Task instructions:
Pictures aside, repeat the whole listing word for word.
--*--
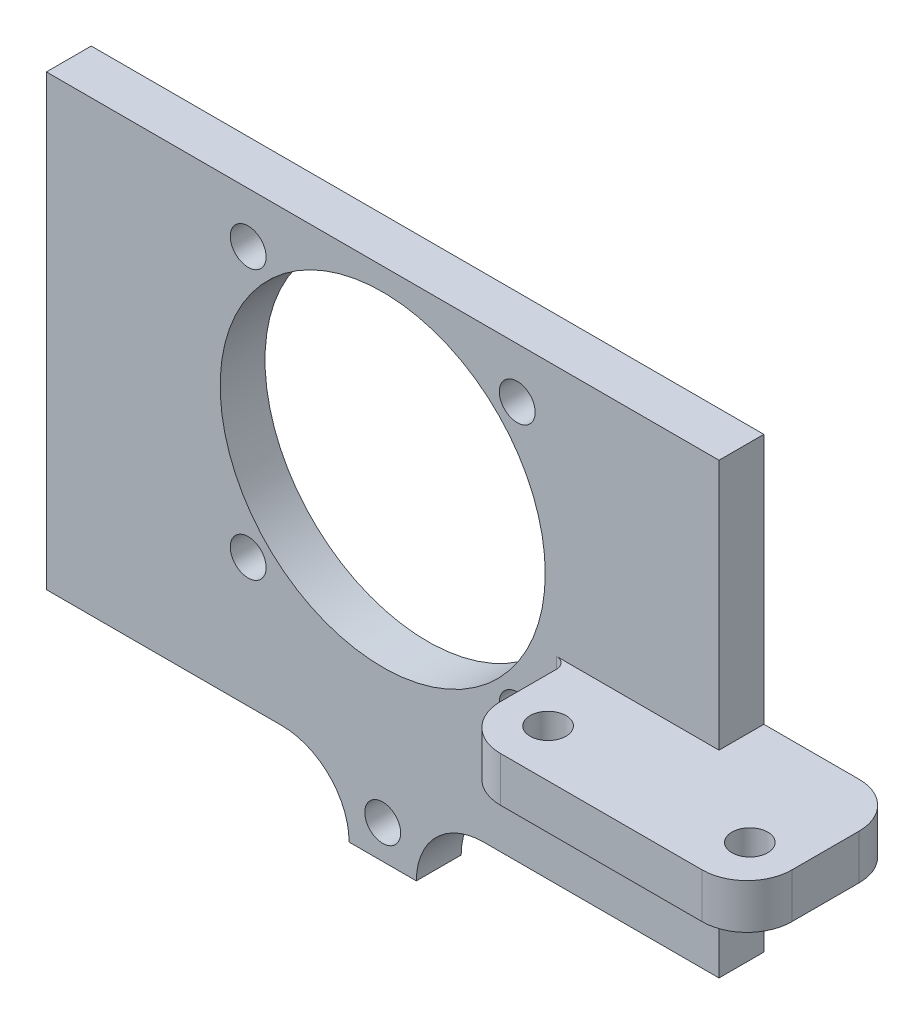
ISO-10303-21;
HEADER;
FILE_DESCRIPTION(('STEP AP214'),'2;1');
FILE_NAME('part.step','',(''),(''),'','','');
FILE_SCHEMA(('AUTOMOTIVE_DESIGN { 1 0 10303 214 1 1 1 1 }'));
ENDSEC;
DATA;
#1=APPLICATION_CONTEXT('core data for automotive mechanical design processes');
#2=APPLICATION_PROTOCOL_DEFINITION('international standard','automotive_design',2000,#1);
#3=PRODUCT_CONTEXT('',#1,'mechanical');
#4=PRODUCT('Part','Part','',(#3));
#5=PRODUCT_RELATED_PRODUCT_CATEGORY('part','',(#4));
#6=PRODUCT_DEFINITION_FORMATION('','',#4);
#7=PRODUCT_DEFINITION_CONTEXT('part definition',#1,'design');
#8=PRODUCT_DEFINITION('design','',#6,#7);
#9=PRODUCT_DEFINITION_SHAPE('','',#8);
#10=(LENGTH_UNIT() NAMED_UNIT(*) SI_UNIT(.MILLI.,.METRE.));
#11=(NAMED_UNIT(*) PLANE_ANGLE_UNIT() SI_UNIT($,.RADIAN.));
#12=(NAMED_UNIT(*) SI_UNIT($,.STERADIAN.) SOLID_ANGLE_UNIT());
#13=UNCERTAINTY_MEASURE_WITH_UNIT(LENGTH_MEASURE(1.E-05),#10,'distance_accuracy_value','');
#14=(GEOMETRIC_REPRESENTATION_CONTEXT(3) GLOBAL_UNCERTAINTY_ASSIGNED_CONTEXT((#13)) GLOBAL_UNIT_ASSIGNED_CONTEXT((#10,
#11,#12)) REPRESENTATION_CONTEXT('',''));
#15=CARTESIAN_POINT('',(0.,0.,0.));
#16=DIRECTION('',(0.,0.,1.));
#17=DIRECTION('',(1.,0.,0.));
#18=AXIS2_PLACEMENT_3D('',#15,#16,#17);
#19=CARTESIAN_POINT('',(0.,0.,4.));
#20=DIRECTION('',(0.,1.,0.));
#21=DIRECTION('',(0.,0.,1.));
#22=AXIS2_PLACEMENT_3D('',#19,#20,#21);
#23=PLANE('',#22);
#24=DIRECTION('',(1.,0.,0.));
#25=VECTOR('',#24,1.);
#26=CARTESIAN_POINT('',(0.,0.,4.));
#27=LINE('',#26,#25);
#28=CARTESIAN_POINT('',(39.,0.,4.));
#29=VERTEX_POINT('',#28);
#30=CARTESIAN_POINT('',(60.,0.,4.));
#31=VERTEX_POINT('',#30);
#32=EDGE_CURVE('E268',#29,#31,#27,.T.);
#33=ORIENTED_EDGE('',*,*,#32,.F.);
#34=DIRECTION('',(0.,0.,1.));
#35=VECTOR('',#34,1.);
#36=CARTESIAN_POINT('',(39.,0.,0.));
#37=LINE('',#36,#35);
#38=CARTESIAN_POINT('',(39.,0.,0.));
#39=VERTEX_POINT('',#38);
#40=EDGE_CURVE('E56',#29,#39,#37,.F.);
#41=ORIENTED_EDGE('',*,*,#40,.T.);
#42=DIRECTION('',(1.,0.,0.));
#43=VECTOR('',#42,1.);
#44=CARTESIAN_POINT('',(0.,0.,0.));
#45=LINE('',#44,#43);
#46=CARTESIAN_POINT('',(60.,0.,0.));
#47=VERTEX_POINT('',#46);
#48=EDGE_CURVE('E280',#39,#47,#45,.T.);
#49=ORIENTED_EDGE('',*,*,#48,.T.);
#50=DIRECTION('',(0.,0.,-1.));
#51=VECTOR('',#50,1.);
#52=CARTESIAN_POINT('',(60.,0.,4.));
#53=LINE('',#52,#51);
#54=EDGE_CURVE('E294',#31,#47,#53,.T.);
#55=ORIENTED_EDGE('',*,*,#54,.F.);
#56=EDGE_LOOP('',(#33,#41,#49,#55));
#57=FACE_BOUND('',#56,.T.);
#58=ADVANCED_FACE('F35',(#57),#23,.F.);
#59=CARTESIAN_POINT('',(0.,0.,0.));
#60=VERTEX_POINT('',#59);
#61=CARTESIAN_POINT('',(21.,0.,0.));
#62=VERTEX_POINT('',#61);
#63=EDGE_CURVE('E281',#60,#62,#45,.T.);
#64=ORIENTED_EDGE('',*,*,#63,.T.);
#65=DIRECTION('',(0.,0.,-1.));
#66=VECTOR('',#65,1.);
#67=CARTESIAN_POINT('',(21.,0.,4.));
#68=LINE('',#67,#66);
#69=CARTESIAN_POINT('',(21.,0.,4.));
#70=VERTEX_POINT('',#69);
#71=EDGE_CURVE('E343',#62,#70,#68,.F.);
#72=ORIENTED_EDGE('',*,*,#71,.T.);
#73=CARTESIAN_POINT('',(0.,0.,4.));
#74=VERTEX_POINT('',#73);
#75=EDGE_CURVE('E270',#74,#70,#27,.T.);
#76=ORIENTED_EDGE('',*,*,#75,.F.);
#77=DIRECTION('',(0.,0.,-1.));
#78=VECTOR('',#77,1.);
#79=CARTESIAN_POINT('',(0.,0.,4.));
#80=LINE('',#79,#78);
#81=EDGE_CURVE('E222',#74,#60,#80,.T.);
#82=ORIENTED_EDGE('',*,*,#81,.T.);
#83=EDGE_LOOP('',(#64,#72,#76,#82));
#84=FACE_BOUND('',#83,.T.);
#85=ADVANCED_FACE('F359',(#84),#23,.F.);
#86=CARTESIAN_POINT('',(60.,0.,4.));
#87=DIRECTION('',(-1.,0.,0.));
#88=DIRECTION('',(0.,0.,1.));
#89=AXIS2_PLACEMENT_3D('',#86,#87,#88);
#90=PLANE('',#89);
#91=DIRECTION('',(0.,1.,0.));
#92=VECTOR('',#91,1.);
#93=CARTESIAN_POINT('',(60.,0.,0.));
#94=LINE('',#93,#92);
#95=CARTESIAN_POINT('',(60.,12.5999999999763,0.));
#96=VERTEX_POINT('',#95);
#97=EDGE_CURVE('E285',#47,#96,#94,.T.);
#98=ORIENTED_EDGE('',*,*,#97,.T.);
#99=DIRECTION('',(0.,0.,-1.));
#100=VECTOR('',#99,1.);
#101=CARTESIAN_POINT('',(60.,12.5999999999763,4.));
#102=LINE('',#101,#100);
#103=CARTESIAN_POINT('',(60.,12.5999999999763,4.));
#104=VERTEX_POINT('',#103);
#105=EDGE_CURVE('E330',#96,#104,#102,.F.);
#106=ORIENTED_EDGE('',*,*,#105,.T.);
#107=DIRECTION('',(0.,1.,0.));
#108=VECTOR('',#107,1.);
#109=CARTESIAN_POINT('',(60.,0.,4.));
#110=LINE('',#109,#108);
#111=EDGE_CURVE('E273',#31,#104,#110,.T.);
#112=ORIENTED_EDGE('',*,*,#111,.F.);
#113=ORIENTED_EDGE('',*,*,#54,.T.);
#114=EDGE_LOOP('',(#98,#106,#112,#113));
#115=FACE_BOUND('',#114,.T.);
#116=ADVANCED_FACE('F376',(#115),#90,.F.);
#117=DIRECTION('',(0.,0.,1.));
--*--
Answer to the exercise:
ISO-10303-21;
HEADER;
FILE_DESCRIPTION(('STEP AP214'),'2;1');
FILE_NAME('part.step','',(''),(''),'','','');
FILE_SCHEMA(('AUTOMOTIVE_DESIGN { 1 0 10303 214 1 1 1 1 }'));
ENDSEC;
DATA;
#1=APPLICATION_CONTEXT('core data for automotive mechanical design processes');
#2=APPLICATION_PROTOCOL_DEFINITION('international standard','automotive_design',2000,#1);
#3=PRODUCT_CONTEXT('',#1,'mechanical');
#4=PRODUCT('Part','Part','',(#3));
#5=PRODUCT_RELATED_PRODUCT_CATEGORY('part','',(#4));
#6=PRODUCT_DEFINITION_FORMATION('','',#4);
#7=PRODUCT_DEFINITION_CONTEXT('part definition',#1,'design');
#8=PRODUCT_DEFINITION('design','',#6,#7);
#9=PRODUCT_DEFINITION_SHAPE('','',#8);
#10=(LENGTH_UNIT() NAMED_UNIT(*) SI_UNIT(.MILLI.,.METRE.));
#11=(NAMED_UNIT(*) PLANE_ANGLE_UNIT() SI_UNIT($,.RADIAN.));
#12=(NAMED_UNIT(*) SI_UNIT($,.STERADIAN.) SOLID_ANGLE_UNIT());
#13=UNCERTAINTY_MEASURE_WITH_UNIT(LENGTH_MEASURE(1.E-05),#10,'distance_accuracy_value','');
#14=(GEOMETRIC_REPRESENTATION_CONTEXT(3) GLOBAL_UNCERTAINTY_ASSIGNED_CONTEXT((#13)) GLOBAL_UNIT_ASSIGNED_CONTEXT((#10,
#11,#12)) REPRESENTATION_CONTEXT('',''));
#15=CARTESIAN_POINT('',(0.,0.,0.));
#16=DIRECTION('',(0.,0.,1.));
#17=DIRECTION('',(1.,0.,0.));
#18=AXIS2_PLACEMENT_3D('',#15,#16,#17);
#19=CARTESIAN_POINT('',(0.,0.,4.));
#20=DIRECTION('',(0.,1.,0.));
#21=DIRECTION('',(0.,0.,1.));
#22=AXIS2_PLACEMENT_3D('',#19,#20,#21);
#23=PLANE('',#22);
#24=DIRECTION('',(1.,0.,0.));
#25=VECTOR('',#24,1.);
#26=CARTESIAN_POINT('',(0.,0.,4.));
#27=LINE('',#26,#25);
#28=CARTESIAN_POINT('',(39.,0.,4.));
#29=VERTEX_POINT('',#28);
#30=CARTESIAN_POINT('',(60.,0.,4.));
#31=VERTEX_POINT('',#30);
#32=EDGE_CURVE('E268',#29,#31,#27,.T.);
#33=ORIENTED_EDGE('',*,*,#32,.F.);
#34=DIRECTION('',(0.,0.,1.));
#35=VECTOR('',#34,1.);
#36=CARTESIAN_POINT('',(39.,0.,0.));
#37=LINE('',#36,#35);
#38=CARTESIAN_POINT('',(39.,0.,0.));
#39=VERTEX_POINT('',#38);
#40=EDGE_CURVE('E56',#29,#39,#37,.F.);
#41=ORIENTED_EDGE('',*,*,#40,.T.);
#42=DIRECTION('',(1.,0.,0.));
#43=VECTOR('',#42,1.);
#44=CARTESIAN_POINT('',(0.,0.,0.));
#45=LINE('',#44,#43);
#46=CARTESIAN_POINT('',(60.,0.,0.));
#47=VERTEX_POINT('',#46);
#48=EDGE_CURVE('E280',#39,#47,#45,.T.);
#49=ORIENTED_EDGE('',*,*,#48,.T.);
#50=DIRECTION('',(0.,0.,-1.));
#51=VECTOR('',#50,1.);
#52=CARTESIAN_POINT('',(60.,0.,4.));
#53=LINE('',#52,#51);
#54=EDGE_CURVE('E294',#31,#47,#53,.T.);
#55=ORIENTED_EDGE('',*,*,#54,.F.);
#56=EDGE_LOOP('',(#33,#41,#49,#55));
#57=FACE_BOUND('',#56,.T.);
#58=ADVANCED_FACE('F35',(#57),#23,.F.);
#59=CARTESIAN_POINT('',(0.,0.,0.));
#60=VERTEX_POINT('',#59);
#61=CARTESIAN_POINT('',(21.,0.,0.));
#62=VERTEX_POINT('',#61);
#63=EDGE_CURVE('E281',#60,#62,#45,.T.);
#64=ORIENTED_EDGE('',*,*,#63,.T.);
#65=DIRECTION('',(0.,0.,-1.));
#66=VECTOR('',#65,1.);
#67=CARTESIAN_POINT('',(21.,0.,4.));
#68=LINE('',#67,#66);
#69=CARTESIAN_POINT('',(21.,0.,4.));
#70=VERTEX_POINT('',#69);
#71=EDGE_CURVE('E343',#62,#70,#68,.F.);
#72=ORIENTED_EDGE('',*,*,#71,.T.);
#73=CARTESIAN_POINT('',(0.,0.,4.));
#74=VERTEX_POINT('',#73);
#75=EDGE_CURVE('E270',#74,#70,#27,.T.);
#76=ORIENTED_EDGE('',*,*,#75,.F.);
#77=DIRECTION('',(0.,0.,-1.));
#78=VECTOR('',#77,1.);
#79=CARTESIAN_POINT('',(0.,0.,4.));
#80=LINE('',#79,#78);
#81=EDGE_CURVE('E222',#74,#60,#80,.T.);
#82=ORIENTED_EDGE('',*,*,#81,.T.);
#83=EDGE_LOOP('',(#64,#72,#76,#82));
#84=FACE_BOUND('',#83,.T.);
#85=ADVANCED_FACE('F359',(#84),#23,.F.);
#86=CARTESIAN_POINT('',(60.,0.,4.));
#87=DIRECTION('',(-1.,0.,0.));
#88=DIRECTION('',(0.,0.,1.));
#89=AXIS2_PLACEMENT_3D('',#86,#87,#88);
#90=PLANE('',#89);
#91=DIRECTION('',(0.,1.,0.));
#92=VECTOR('',#91,1.);
#93=CARTESIAN_POINT('',(60.,0.,0.));
#94=LINE('',#93,#92);
#95=CARTESIAN_POINT('',(60.,12.5999999999763,0.));
#96=VERTEX_POINT('',#95);
#97=EDGE_CURVE('E285',#47,#96,#94,.T.);
#98=ORIENTED_EDGE('',*,*,#97,.T.);
#99=DIRECTION('',(0.,0.,-1.));
#100=VECTOR('',#99,1.);
#101=CARTESIAN_POINT('',(60.,12.5999999999763,4.));
#102=LINE('',#101,#100);
#103=CARTESIAN_POINT('',(60.,12.5999999999763,4.));
#104=VERTEX_POINT('',#103);
#105=EDGE_CURVE('E330',#96,#104,#102,.F.);
#106=ORIENTED_EDGE('',*,*,#105,.T.);
#107=DIRECTION('',(0.,1.,0.));
#108=VECTOR('',#107,1.);
#109=CARTESIAN_POINT('',(60.,0.,4.));
#110=LINE('',#109,#108);
#111=EDGE_CURVE('E273',#31,#104,#110,.T.);
#112=ORIENTED_EDGE('',*,*,#111,.F.);
#113=ORIENTED_EDGE('',*,*,#54,.T.);
#114=EDGE_LOOP('',(#98,#106,#112,#113));
#115=FACE_BOUND('',#114,.T.);
#116=ADVANCED_FACE('F376',(#115),#90,.F.);
#117=DIRECTION('',(0.,0.,1.));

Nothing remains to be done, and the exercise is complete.